- _WHAT YOU ARE ASKED TO DO_
Each line that contains the word "Boss" counts once; give the total for the records below and nothing else.

Stored entries
* * * *

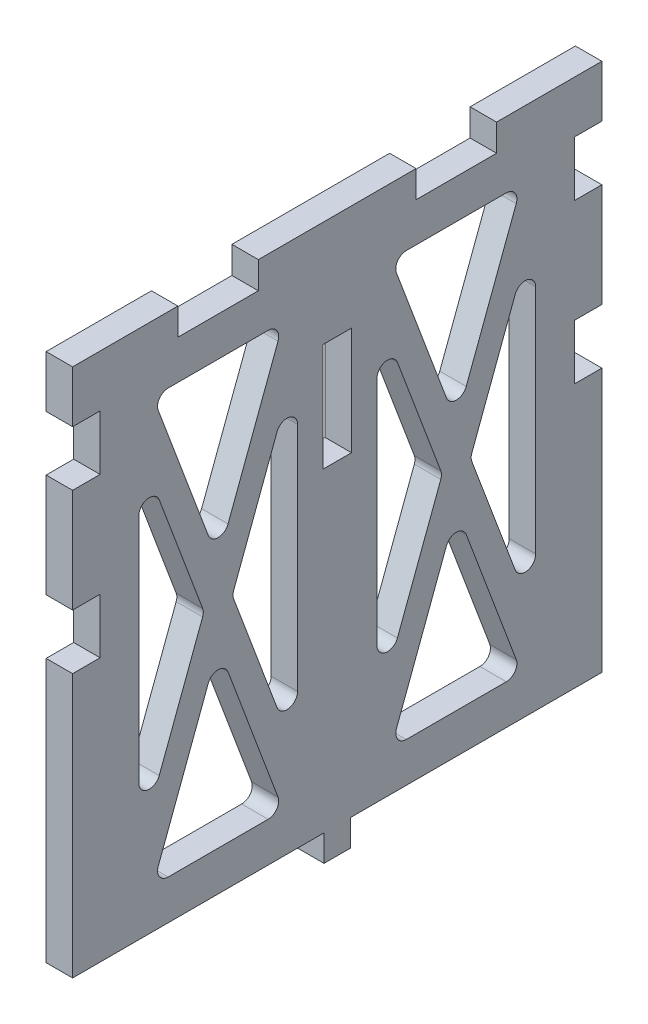
SolidWorks part; units mm, degrees
ref_plane "Front Plane" through (0, 0, 0) normal (0, 0, 1) x (1, 0, 0)
ref_plane "Top Plane" through (0, 0, 0) normal (0, 1, 0) x (1, 0, 0)
ref_plane "Right Plane" through (0, 0, 0) normal (1, 0, 0) x (0, 0, -1)
sketch "Sketch4" plane through (0, 0, 0) normal (1, 0, 0) x (0, 0, -1)
  line L0 (0, 6.35) -> (-60.325, 6.35)
  line L1 (0, 0) -> (6.35, 0)
  line L2 (0, 0) -> (0, 6.35)
  line L3 (0, 6.35) -> (6.35, 6.35) construction
  line L4 (6.35, 0) -> (6.35, 6.35)
  line L5 (6.35, 6.35) -> (66.675, 6.35)
  line L6 (66.675, 6.35) -> (66.675, 69.596)
  line L7 (66.675, 133.35) -> (41.402, 133.35)
  line L8 (-60.325, 133.35) -> (-60.325, 120.904)
  line L9 (3.175, 6.35) -> (3.175, 177.7936) construction
  line L10 (-0.254, 107.95) -> (6.604, 107.95)
  line L11 (0, 107.696) -> (6.35, 107.696) construction
  line L12 (0, 107.696) -> (0, 82.296) construction
  line L13 (0, 82.296) -> (6.35, 82.296) construction
  line L14 (6.35, 107.696) -> (6.35, 82.296) construction
  line L15 (6.604, 107.95) -> (6.604, 82.042)
  line L16 (-0.254, 82.042) -> (6.604, 82.042)
  line L17 (-0.254, 107.95) -> (-0.254, 82.042)
  line L18 (-60.325, 69.85) -> (-53.975, 69.85) construction
  line L19 (-53.975, 69.85) -> (-53.975, 82.55) construction
  line L20 (-53.975, 82.55) -> (-60.325, 82.55) construction
  line L21 (-60.325, 107.95) -> (-53.975, 107.95) construction
  line L22 (-53.975, 107.95) -> (-53.975, 120.65) construction
  line L23 (-53.975, 120.65) -> (-60.325, 120.65) construction
  line L24 (-60.325, 107.696) -> (-60.325, 82.804)
  line L25 (-60.325, 69.596) -> (-60.325, 6.35)
  line L32 (66.675, 120.904) -> (66.675, 133.35)
  line L34 (-60.325, 107.696) -> (-53.721, 107.696)
  line L35 (-53.721, 107.696) -> (-53.721, 120.904)
  line L36 (-53.721, 120.904) -> (-60.325, 120.904)
  line L37 (-60.325, 69.596) -> (-53.721, 69.596)
  line L38 (-53.721, 69.596) -> (-53.721, 82.804)
  line L39 (-53.721, 82.804) -> (-60.325, 82.804)
  line L40 (60.325, 120.65) -> (66.675, 120.65) construction
  line L41 (60.325, 107.95) -> (60.325, 120.65) construction
  line L42 (66.675, 107.95) -> (60.325, 107.95) construction
  line L43 (60.325, 82.55) -> (66.675, 82.55) construction
  line L44 (60.325, 69.85) -> (60.325, 82.55) construction
  line L45 (66.675, 69.85) -> (60.325, 69.85) construction
  line L46 (60.071, 82.804) -> (66.675, 82.804)
  line L47 (60.071, 69.596) -> (60.071, 82.804)
  line L48 (66.675, 69.596) -> (60.071, 69.596)
  line L49 (60.071, 120.904) -> (66.675, 120.904)
  line L50 (60.071, 107.696) -> (60.071, 120.904)
  line L51 (66.675, 107.696) -> (60.071, 107.696)
  line L52 (66.675, 107.696) -> (66.675, 82.804)
  line L53 (-15.748, 133.35) -> (-15.748, 126.873)
  line L59 (-15.875, 133.35) -> (-15.875, 127) construction
  line L60 (-15.875, 127) -> (-34.925, 127) construction
  line L61 (-34.925, 133.35) -> (-34.925, 127) construction
  line L62 (-15.748, 126.873) -> (-35.052, 126.873)
  line L63 (-35.052, 133.35) -> (-35.052, 126.873)
  line L64 (41.402, 133.35) -> (41.402, 126.873)
  line L65 (22.098, 126.873) -> (41.402, 126.873)
  line L66 (22.098, 133.35) -> (22.098, 126.873)
  line L67 (22.098, 133.35) -> (-15.748, 133.35)
  line L68 (-35.052, 133.35) -> (-60.325, 133.35)
  dimension "D1" = 6.35
  dimension "D2" = 6.35
  dimension "D3" = 60.325
  dimension "D4" = 127
  dimension "D5" = 6.35
  dimension "D6" = 25.4
  dimension "D8" = 25.4
  dimension "D9" = 12.7
  dimension "D10" = 12.7
  dimension "D11" = 6.35
  dimension "D12" = 25.4
  dimension "D15" = 25.4
  dimension "D16" = 19.05
  dimension "D17" = 6.35
  dimension "D7" = 0.254
  dimension "D13" = 0.254
  dimension "D14" = 0.254
  dimension "D18" = 0.127
extrude "Boss-Extrude1" add sketch "Sketch4" along normal blind 6.35
sketch "Sketch5" plane through (6.35, 0, 0) normal (1, 0, 0) x (0, 0, -1)
  line L0 (66.675, 6.35) -> (66.675, 69.596) construction
  line L1 (-44.45, 117.475) -> (50.8, 117.475)
  line L2 (-44.45, 117.475) -> (-44.45, 15.875)
  line L3 (-44.45, 15.875) -> (50.8, 15.875)
  line L4 (50.8, 117.475) -> (50.8, 15.875)
  line L5 (66.675, 133.35) -> (41.402, 133.35) construction
  line L6 (-60.325, 133.35) -> (-60.325, 120.904) construction
  line L7 (-60.325, 6.35) -> (0, 6.35) construction
  line L8 (3.175, 117.475) -> (3.175, 15.875) construction
  line L9 (-6.35, 117.475) -> (12.7, 117.475)
  line L10 (-6.35, 117.475) -> (-6.35, 15.875)
  line L11 (-6.35, 15.875) -> (12.7, 15.875)
  line L12 (12.7, 117.475) -> (12.7, 15.875)
  line L13 (12.7, 15.875) -> (50.8, 117.475) construction
  line L14 (9.7272, 16.9898) -> (47.8272, 118.5898)
  line L15 (15.6728, 14.7602) -> (53.7728, 116.3602)
  line L16 (50.8, 15.875) -> (12.7, 117.475) construction
  line L17 (47.8272, 14.7602) -> (9.7272, 116.3602)
  line L18 (53.7728, 16.9898) -> (15.6728, 118.5898)
  line L19 (-6.35, 15.875) -> (-44.45, 117.475) construction
  line L20 (-3.3772, 16.9898) -> (-41.4772, 118.5898)
  line L21 (-9.3228, 14.7602) -> (-47.4228, 116.3602)
  line L22 (-44.45, 15.875) -> (-6.35, 117.475) construction
  line L23 (-41.4772, 14.7602) -> (-3.3772, 116.3602)
  line L24 (-47.4228, 16.9898) -> (-9.3228, 118.5898)
  arc A0 (9.7272, 16.9898) -> (15.6728, 14.7602) centre (12.7, 15.875) ccw
  arc A1 (53.7728, 116.3602) -> (47.8272, 118.5898) centre (50.8, 117.475) ccw
  arc A2 (47.8272, 14.7602) -> (53.7728, 16.9898) centre (50.8, 15.875) ccw
  arc A3 (15.6728, 118.5898) -> (9.7272, 116.3602) centre (12.7, 117.475) ccw
  arc A4 (-3.3772, 16.9898) -> (-9.3228, 14.7602) centre (-6.35, 15.875) cw
  arc A5 (-47.4228, 116.3602) -> (-41.4772, 118.5898) centre (-44.45, 117.475) cw
  arc A6 (-41.4772, 14.7602) -> (-47.4228, 16.9898) centre (-44.45, 15.875) cw
  arc A7 (-9.3228, 118.5898) -> (-3.3772, 116.3602) centre (-6.35, 117.475) cw
  point P18 (31.75, 66.675)
  point P23 (31.75, 66.675)
  point P28 (-25.4, 66.675)
  point P33 (-25.4, 66.675)
  dimension "D6" = 3.175
  dimension "D1" = 15.875
  dimension "D2" = 15.875
  dimension "D3" = 15.875
  dimension "D4" = 9.525
  dimension "D5" = 19.05
extrude "Cut-Extrude1" cut sketch "Sketch5" against normal through all contours L2 L24 L21 | L20 L24 L1 | L23 L20 L10 | L23 L3 L21 | L14 L17 L12 | L18 L14 L1 | L18 L4 L15 | L3 L17 L15 region at (6.35, 103.5558, 25.4) region at (6.35, 66.675, 39.2303) region at (6.35, 66.675, 11.5697) region at (6.35, 29.7942, 25.4) region at (6.35, 103.5558, -31.75) region at (6.35, 66.675, -17.9197) region at (6.35, 66.675, -45.5803) region at (6.35, 29.7942, -31.75)
fillet "Fillet1" radius 2.54 24 edges at (3.175, 57.6326, 25.4) (3.175, 15.875, 9.7409) (3.175, 15.875, 41.0591) (3.175, 108.4326, 6.35) (3.175, 24.9174, 6.35) (3.175, 66.675, 22.0091) (3.175, 57.6326, -31.75) (3.175, 15.875, -47.4091) (3.175, 15.875, -16.0909) (3.175, 66.675, -35.1409) (3.175, 108.4326, -50.8) (3.175, 24.9174, -50.8) (3.175, 66.675, 28.7909) (3.175, 24.9174, 44.45) (3.175, 108.4326, 44.45) (3.175, 117.475, -16.0909) (3.175, 117.475, -47.4091) (3.175, 75.7174, -31.75) (3.175, 117.475, 9.7409) (3.175, 75.7174, 25.4) (3.175, 108.4326, -12.7) (3.175, 66.675, -28.3591) (3.175, 24.9174, -12.7) (3.175, 117.475, 41.0591)
fillet "Fillet2" [suppressed] radius 2.54
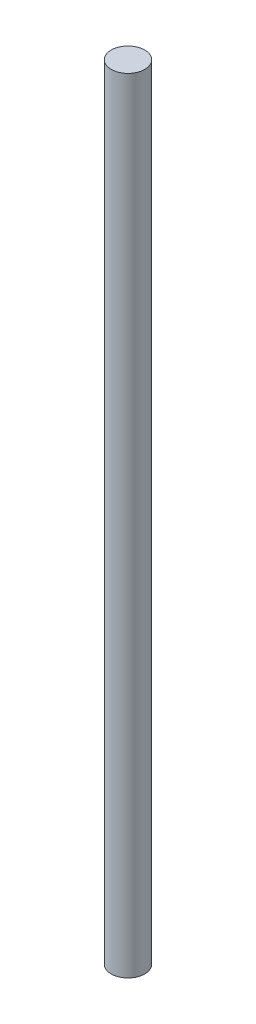
SolidWorks part; units mm, degrees
ref_plane "Plan de face" through (0, 0, 0) normal (0, 0, 1) x (1, 0, 0)
ref_plane "Plan de dessus" through (0, 0, 0) normal (0, 1, 0) x (1, 0, 0)
ref_plane "Plan de droite" through (0, 0, 0) normal (1, 0, 0) x (0, 0, -1)
sketch "Sketch1" plane through (0, 0, 0) normal (0, 1, 0) x (1, 0, 0)
  circle A0 centre (0, 0) radius 1.5
extrude "Boss-Extrude1" add sketch "Sketch1" along normal blind 70

* * * *

- _REPLY TO THE TASK_
2